What you will do –
Find each line below containing the word "ezdxf" and copy it.

··· Working data ···

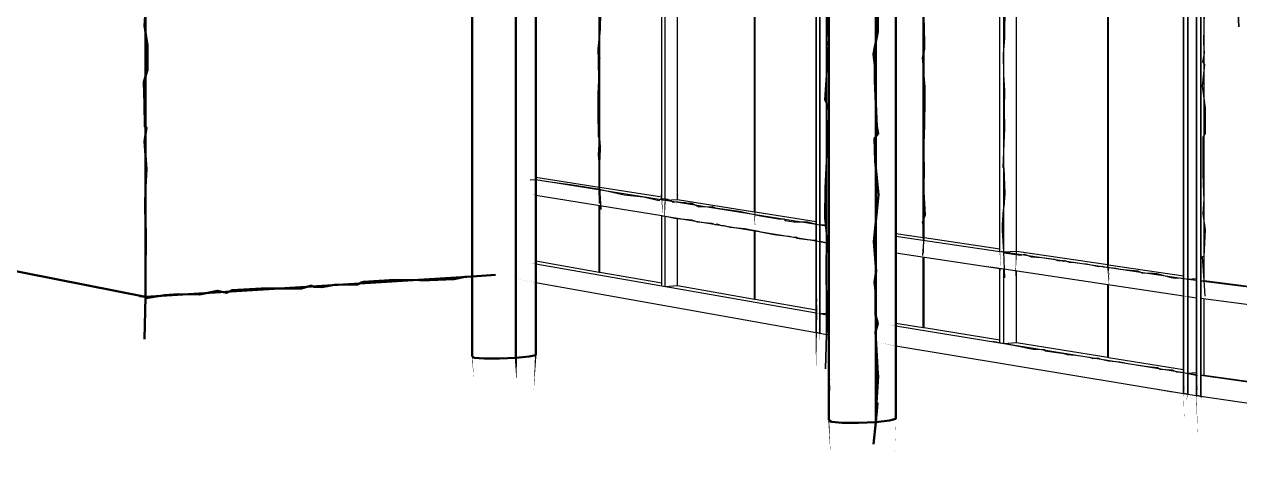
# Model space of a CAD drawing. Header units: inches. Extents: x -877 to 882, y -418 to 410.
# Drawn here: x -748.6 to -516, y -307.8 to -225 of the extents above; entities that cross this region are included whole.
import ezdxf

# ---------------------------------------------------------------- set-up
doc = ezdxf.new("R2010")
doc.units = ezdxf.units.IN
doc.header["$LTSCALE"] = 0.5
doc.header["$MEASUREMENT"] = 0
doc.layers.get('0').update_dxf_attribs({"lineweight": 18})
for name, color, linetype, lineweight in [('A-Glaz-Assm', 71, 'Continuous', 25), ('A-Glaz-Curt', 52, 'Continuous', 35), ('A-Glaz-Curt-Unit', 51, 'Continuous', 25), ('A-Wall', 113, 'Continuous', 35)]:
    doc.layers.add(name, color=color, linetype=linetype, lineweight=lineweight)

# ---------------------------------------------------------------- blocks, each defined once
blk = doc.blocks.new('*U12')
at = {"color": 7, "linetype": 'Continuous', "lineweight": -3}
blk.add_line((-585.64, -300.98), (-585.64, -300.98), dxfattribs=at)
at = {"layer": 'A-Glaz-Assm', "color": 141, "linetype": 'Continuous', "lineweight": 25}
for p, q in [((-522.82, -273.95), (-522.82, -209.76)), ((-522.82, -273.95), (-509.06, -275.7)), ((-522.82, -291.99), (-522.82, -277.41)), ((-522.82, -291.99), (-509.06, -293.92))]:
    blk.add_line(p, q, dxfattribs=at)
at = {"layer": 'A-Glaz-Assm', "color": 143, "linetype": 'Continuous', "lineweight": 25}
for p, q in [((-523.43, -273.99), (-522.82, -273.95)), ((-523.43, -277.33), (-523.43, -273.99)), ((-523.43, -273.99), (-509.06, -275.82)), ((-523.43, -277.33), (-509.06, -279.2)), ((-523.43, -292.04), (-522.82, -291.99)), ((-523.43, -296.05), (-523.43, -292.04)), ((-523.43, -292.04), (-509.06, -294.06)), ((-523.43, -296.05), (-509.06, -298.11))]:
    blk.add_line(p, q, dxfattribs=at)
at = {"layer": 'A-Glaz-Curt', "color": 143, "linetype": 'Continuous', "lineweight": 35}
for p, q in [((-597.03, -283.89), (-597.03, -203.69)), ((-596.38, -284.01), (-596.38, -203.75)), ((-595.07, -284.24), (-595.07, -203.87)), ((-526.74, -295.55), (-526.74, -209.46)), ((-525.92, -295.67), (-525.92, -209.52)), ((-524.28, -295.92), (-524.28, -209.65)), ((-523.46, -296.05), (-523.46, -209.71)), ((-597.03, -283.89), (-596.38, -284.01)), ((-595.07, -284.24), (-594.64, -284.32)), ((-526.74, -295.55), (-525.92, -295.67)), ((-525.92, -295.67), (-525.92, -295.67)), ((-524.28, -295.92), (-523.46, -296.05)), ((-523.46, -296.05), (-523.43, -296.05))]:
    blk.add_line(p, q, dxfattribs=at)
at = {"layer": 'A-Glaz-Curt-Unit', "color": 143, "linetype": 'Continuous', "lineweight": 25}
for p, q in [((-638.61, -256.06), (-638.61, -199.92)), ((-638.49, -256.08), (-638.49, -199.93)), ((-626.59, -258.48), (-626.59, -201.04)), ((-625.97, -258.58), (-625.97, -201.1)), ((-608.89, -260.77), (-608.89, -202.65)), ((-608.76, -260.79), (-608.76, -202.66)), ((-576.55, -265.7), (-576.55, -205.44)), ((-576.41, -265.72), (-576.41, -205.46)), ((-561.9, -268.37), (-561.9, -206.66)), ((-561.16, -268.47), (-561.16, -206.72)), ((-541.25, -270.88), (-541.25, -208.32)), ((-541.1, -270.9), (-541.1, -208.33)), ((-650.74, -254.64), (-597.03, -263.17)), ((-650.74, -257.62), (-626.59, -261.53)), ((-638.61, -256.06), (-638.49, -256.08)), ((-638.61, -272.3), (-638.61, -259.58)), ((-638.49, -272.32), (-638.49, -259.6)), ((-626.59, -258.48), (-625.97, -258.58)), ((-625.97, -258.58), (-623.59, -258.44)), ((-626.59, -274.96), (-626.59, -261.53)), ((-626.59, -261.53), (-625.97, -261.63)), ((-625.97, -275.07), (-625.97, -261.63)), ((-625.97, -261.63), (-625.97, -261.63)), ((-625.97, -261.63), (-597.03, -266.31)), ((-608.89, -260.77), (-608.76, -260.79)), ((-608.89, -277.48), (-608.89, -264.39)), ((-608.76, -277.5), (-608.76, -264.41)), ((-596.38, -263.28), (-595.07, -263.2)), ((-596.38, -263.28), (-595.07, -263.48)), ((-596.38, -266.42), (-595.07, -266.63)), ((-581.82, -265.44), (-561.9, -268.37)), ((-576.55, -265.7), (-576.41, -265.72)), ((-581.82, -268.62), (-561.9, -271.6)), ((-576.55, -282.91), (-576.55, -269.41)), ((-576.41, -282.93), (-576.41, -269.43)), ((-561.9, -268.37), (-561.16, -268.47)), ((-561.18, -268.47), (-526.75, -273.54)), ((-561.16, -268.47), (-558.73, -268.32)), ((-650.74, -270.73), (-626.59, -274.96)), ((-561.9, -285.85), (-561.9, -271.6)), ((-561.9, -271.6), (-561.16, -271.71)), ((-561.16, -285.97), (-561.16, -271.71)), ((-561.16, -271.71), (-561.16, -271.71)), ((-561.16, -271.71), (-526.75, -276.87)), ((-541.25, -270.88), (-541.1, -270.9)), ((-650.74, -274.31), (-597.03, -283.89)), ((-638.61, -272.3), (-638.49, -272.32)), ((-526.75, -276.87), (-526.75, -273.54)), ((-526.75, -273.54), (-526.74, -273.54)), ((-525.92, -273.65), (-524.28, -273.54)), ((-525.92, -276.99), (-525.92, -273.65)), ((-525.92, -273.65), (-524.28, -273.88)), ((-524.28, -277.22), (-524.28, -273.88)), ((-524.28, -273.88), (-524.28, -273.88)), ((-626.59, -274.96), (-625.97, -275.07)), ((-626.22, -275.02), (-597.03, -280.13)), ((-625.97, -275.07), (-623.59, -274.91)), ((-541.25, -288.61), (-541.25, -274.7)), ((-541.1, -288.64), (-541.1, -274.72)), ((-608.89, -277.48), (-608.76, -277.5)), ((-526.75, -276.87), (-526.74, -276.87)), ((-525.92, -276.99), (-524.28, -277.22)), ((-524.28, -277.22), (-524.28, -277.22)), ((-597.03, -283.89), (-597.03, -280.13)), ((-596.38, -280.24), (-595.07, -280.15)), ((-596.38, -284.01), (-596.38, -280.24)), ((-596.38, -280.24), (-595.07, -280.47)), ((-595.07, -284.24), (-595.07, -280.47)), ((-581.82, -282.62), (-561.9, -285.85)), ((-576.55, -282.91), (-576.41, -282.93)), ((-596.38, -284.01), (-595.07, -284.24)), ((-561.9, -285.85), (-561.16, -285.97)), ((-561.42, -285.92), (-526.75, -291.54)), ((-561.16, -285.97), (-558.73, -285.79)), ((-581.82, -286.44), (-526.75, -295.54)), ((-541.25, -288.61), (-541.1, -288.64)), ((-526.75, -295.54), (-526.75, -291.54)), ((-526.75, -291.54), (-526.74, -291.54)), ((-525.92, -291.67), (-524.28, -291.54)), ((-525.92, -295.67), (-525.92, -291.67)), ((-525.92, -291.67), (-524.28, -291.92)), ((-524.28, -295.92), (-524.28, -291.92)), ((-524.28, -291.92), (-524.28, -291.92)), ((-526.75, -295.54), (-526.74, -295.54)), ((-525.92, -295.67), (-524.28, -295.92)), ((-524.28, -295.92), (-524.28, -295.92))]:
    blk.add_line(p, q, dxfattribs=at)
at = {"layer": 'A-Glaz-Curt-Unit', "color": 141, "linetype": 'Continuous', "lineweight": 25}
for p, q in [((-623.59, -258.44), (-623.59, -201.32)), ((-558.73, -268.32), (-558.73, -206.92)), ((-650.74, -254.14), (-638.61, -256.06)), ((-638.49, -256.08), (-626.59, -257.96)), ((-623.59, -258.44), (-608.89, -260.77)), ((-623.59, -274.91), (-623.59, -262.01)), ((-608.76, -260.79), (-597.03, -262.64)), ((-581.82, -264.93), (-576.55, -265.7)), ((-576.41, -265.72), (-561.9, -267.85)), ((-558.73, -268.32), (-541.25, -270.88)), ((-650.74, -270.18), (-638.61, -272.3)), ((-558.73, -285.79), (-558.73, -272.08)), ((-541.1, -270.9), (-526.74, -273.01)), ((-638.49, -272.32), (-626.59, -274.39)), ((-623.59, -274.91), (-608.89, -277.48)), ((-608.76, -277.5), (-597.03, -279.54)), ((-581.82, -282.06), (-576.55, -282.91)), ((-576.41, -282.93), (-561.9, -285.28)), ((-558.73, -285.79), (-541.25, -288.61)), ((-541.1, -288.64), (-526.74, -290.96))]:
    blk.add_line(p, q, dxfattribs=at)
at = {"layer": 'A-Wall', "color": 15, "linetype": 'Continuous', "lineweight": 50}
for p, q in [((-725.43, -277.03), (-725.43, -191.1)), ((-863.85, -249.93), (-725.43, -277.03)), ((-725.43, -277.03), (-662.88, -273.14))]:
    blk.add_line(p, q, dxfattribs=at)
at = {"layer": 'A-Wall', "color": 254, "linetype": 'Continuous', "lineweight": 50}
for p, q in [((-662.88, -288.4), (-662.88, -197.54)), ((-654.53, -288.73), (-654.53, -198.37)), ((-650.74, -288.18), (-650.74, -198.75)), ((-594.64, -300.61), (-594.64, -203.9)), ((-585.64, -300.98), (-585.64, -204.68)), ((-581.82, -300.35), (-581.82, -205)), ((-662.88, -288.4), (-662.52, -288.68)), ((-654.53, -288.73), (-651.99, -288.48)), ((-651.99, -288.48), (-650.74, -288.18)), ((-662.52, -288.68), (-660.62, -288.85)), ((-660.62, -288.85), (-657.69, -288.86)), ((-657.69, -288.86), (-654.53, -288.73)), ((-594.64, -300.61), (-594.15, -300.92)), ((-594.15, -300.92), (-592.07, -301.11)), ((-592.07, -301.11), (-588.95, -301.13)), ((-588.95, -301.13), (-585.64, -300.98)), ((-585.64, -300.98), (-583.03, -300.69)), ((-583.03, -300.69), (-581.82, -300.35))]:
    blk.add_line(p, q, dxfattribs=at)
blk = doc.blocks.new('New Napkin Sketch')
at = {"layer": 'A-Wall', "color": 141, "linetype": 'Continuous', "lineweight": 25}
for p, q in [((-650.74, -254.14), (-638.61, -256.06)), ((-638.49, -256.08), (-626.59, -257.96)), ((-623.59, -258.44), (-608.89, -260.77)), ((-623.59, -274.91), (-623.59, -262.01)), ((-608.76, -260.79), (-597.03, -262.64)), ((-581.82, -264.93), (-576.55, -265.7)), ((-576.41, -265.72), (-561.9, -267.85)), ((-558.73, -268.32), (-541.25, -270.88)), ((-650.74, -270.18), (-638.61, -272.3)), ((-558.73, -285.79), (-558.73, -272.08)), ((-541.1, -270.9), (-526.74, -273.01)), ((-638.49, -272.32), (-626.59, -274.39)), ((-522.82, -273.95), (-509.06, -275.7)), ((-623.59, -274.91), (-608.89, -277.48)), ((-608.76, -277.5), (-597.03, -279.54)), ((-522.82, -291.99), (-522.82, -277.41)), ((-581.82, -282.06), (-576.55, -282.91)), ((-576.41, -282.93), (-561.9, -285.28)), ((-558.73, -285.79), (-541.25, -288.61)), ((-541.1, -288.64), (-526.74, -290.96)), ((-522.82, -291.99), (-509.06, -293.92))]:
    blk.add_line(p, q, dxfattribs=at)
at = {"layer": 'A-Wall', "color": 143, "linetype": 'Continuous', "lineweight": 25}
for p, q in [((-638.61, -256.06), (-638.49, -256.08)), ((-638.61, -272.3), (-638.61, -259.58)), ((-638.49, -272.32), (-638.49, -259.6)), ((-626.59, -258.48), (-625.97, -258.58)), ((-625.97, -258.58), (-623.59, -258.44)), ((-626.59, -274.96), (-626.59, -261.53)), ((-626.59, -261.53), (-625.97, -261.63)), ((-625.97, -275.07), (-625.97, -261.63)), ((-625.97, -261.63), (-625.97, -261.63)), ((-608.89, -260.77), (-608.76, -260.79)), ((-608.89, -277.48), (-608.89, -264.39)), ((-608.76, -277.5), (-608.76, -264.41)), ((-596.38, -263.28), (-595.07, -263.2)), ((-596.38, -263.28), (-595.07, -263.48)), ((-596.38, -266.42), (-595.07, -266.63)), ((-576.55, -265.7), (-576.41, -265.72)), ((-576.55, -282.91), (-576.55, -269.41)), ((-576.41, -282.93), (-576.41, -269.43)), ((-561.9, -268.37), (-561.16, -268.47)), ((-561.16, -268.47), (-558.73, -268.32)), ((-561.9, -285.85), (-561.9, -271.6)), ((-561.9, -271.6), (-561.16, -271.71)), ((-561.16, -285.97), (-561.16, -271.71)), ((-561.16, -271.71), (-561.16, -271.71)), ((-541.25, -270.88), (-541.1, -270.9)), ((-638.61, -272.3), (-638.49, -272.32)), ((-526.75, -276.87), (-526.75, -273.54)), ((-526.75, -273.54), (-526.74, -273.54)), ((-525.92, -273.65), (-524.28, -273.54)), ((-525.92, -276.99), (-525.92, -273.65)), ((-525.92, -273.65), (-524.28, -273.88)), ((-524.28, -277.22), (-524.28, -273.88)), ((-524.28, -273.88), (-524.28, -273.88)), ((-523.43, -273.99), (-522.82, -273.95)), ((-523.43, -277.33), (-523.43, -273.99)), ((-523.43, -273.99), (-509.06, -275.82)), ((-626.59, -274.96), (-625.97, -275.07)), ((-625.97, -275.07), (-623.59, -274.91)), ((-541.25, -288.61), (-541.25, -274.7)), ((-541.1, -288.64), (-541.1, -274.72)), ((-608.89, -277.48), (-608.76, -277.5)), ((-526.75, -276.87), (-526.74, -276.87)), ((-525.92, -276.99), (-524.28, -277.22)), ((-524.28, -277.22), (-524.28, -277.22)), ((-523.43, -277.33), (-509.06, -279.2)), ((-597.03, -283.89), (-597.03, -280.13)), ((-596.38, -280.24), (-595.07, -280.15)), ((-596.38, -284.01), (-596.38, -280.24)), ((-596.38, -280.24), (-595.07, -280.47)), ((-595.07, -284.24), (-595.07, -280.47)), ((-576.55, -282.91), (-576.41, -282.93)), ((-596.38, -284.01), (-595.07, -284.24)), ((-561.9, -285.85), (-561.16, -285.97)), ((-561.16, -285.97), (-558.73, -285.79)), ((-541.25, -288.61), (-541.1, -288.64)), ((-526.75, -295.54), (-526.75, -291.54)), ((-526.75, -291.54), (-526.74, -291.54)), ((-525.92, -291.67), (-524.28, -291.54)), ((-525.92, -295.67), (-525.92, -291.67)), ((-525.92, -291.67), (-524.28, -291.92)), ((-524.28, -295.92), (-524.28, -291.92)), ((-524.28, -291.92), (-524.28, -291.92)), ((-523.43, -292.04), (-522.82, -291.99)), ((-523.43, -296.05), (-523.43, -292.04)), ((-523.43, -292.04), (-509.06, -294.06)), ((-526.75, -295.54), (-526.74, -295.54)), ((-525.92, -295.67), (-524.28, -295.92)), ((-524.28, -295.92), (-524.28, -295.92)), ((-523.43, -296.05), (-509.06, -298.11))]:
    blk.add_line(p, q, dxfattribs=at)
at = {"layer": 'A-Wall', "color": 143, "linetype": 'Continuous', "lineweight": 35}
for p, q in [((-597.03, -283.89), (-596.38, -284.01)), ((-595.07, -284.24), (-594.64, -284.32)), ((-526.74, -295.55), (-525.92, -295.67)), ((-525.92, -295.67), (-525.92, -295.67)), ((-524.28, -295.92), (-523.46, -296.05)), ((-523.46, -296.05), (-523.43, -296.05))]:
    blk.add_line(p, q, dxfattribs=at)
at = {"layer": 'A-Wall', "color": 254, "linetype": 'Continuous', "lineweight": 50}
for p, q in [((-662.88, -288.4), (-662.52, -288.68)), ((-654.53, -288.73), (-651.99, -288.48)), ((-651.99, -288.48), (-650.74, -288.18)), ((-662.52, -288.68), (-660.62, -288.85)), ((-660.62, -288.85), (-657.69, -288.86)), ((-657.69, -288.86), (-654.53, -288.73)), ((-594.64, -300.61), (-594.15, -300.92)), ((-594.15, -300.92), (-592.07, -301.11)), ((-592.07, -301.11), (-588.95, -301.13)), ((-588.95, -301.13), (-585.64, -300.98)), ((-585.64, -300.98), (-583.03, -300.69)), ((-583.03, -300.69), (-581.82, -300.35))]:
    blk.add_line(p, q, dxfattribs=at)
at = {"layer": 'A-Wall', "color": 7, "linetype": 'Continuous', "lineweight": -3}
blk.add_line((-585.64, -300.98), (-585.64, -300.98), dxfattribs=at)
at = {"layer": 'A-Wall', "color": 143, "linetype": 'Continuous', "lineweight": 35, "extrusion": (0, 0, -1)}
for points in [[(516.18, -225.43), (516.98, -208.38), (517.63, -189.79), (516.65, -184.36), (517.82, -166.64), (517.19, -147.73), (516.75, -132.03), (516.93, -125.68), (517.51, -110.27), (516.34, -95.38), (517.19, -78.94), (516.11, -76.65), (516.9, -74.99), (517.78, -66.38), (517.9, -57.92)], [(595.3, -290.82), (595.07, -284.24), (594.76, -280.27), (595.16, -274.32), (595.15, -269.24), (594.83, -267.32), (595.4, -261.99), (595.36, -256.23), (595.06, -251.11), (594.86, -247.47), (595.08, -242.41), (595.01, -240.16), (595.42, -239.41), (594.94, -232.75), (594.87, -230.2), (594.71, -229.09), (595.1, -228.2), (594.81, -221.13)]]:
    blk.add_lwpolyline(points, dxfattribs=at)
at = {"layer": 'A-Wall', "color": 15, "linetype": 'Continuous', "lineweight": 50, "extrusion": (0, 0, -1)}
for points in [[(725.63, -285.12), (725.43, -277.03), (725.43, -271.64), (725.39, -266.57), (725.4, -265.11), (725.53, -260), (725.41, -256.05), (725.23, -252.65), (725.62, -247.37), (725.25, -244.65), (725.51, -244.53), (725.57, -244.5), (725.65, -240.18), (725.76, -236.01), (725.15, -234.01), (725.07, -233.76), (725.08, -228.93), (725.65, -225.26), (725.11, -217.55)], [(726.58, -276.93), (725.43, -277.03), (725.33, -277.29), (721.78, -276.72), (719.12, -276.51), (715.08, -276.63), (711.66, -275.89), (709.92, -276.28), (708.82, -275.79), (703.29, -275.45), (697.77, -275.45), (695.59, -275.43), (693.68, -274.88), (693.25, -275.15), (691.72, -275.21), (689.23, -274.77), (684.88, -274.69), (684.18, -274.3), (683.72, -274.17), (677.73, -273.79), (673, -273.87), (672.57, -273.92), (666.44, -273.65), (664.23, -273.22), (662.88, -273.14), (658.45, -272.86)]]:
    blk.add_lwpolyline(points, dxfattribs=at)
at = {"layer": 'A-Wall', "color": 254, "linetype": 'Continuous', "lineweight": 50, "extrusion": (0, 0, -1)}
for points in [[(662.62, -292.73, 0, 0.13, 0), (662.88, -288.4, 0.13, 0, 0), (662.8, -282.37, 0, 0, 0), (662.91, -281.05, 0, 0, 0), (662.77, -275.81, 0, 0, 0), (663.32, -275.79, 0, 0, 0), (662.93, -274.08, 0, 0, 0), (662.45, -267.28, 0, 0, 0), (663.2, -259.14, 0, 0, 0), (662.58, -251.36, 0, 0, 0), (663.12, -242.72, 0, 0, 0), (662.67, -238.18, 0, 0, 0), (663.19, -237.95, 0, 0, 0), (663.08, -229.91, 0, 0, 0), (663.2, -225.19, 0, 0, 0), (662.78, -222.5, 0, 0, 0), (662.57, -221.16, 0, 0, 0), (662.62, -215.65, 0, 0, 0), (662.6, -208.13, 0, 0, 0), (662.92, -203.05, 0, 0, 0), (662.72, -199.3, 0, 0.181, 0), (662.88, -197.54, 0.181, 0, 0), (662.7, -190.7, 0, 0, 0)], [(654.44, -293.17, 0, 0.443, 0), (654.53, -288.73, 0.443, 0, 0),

···

Response area –
import ezdxf
doc = ezdxf.new("R2010")
doc.units = ezdxf.units.IN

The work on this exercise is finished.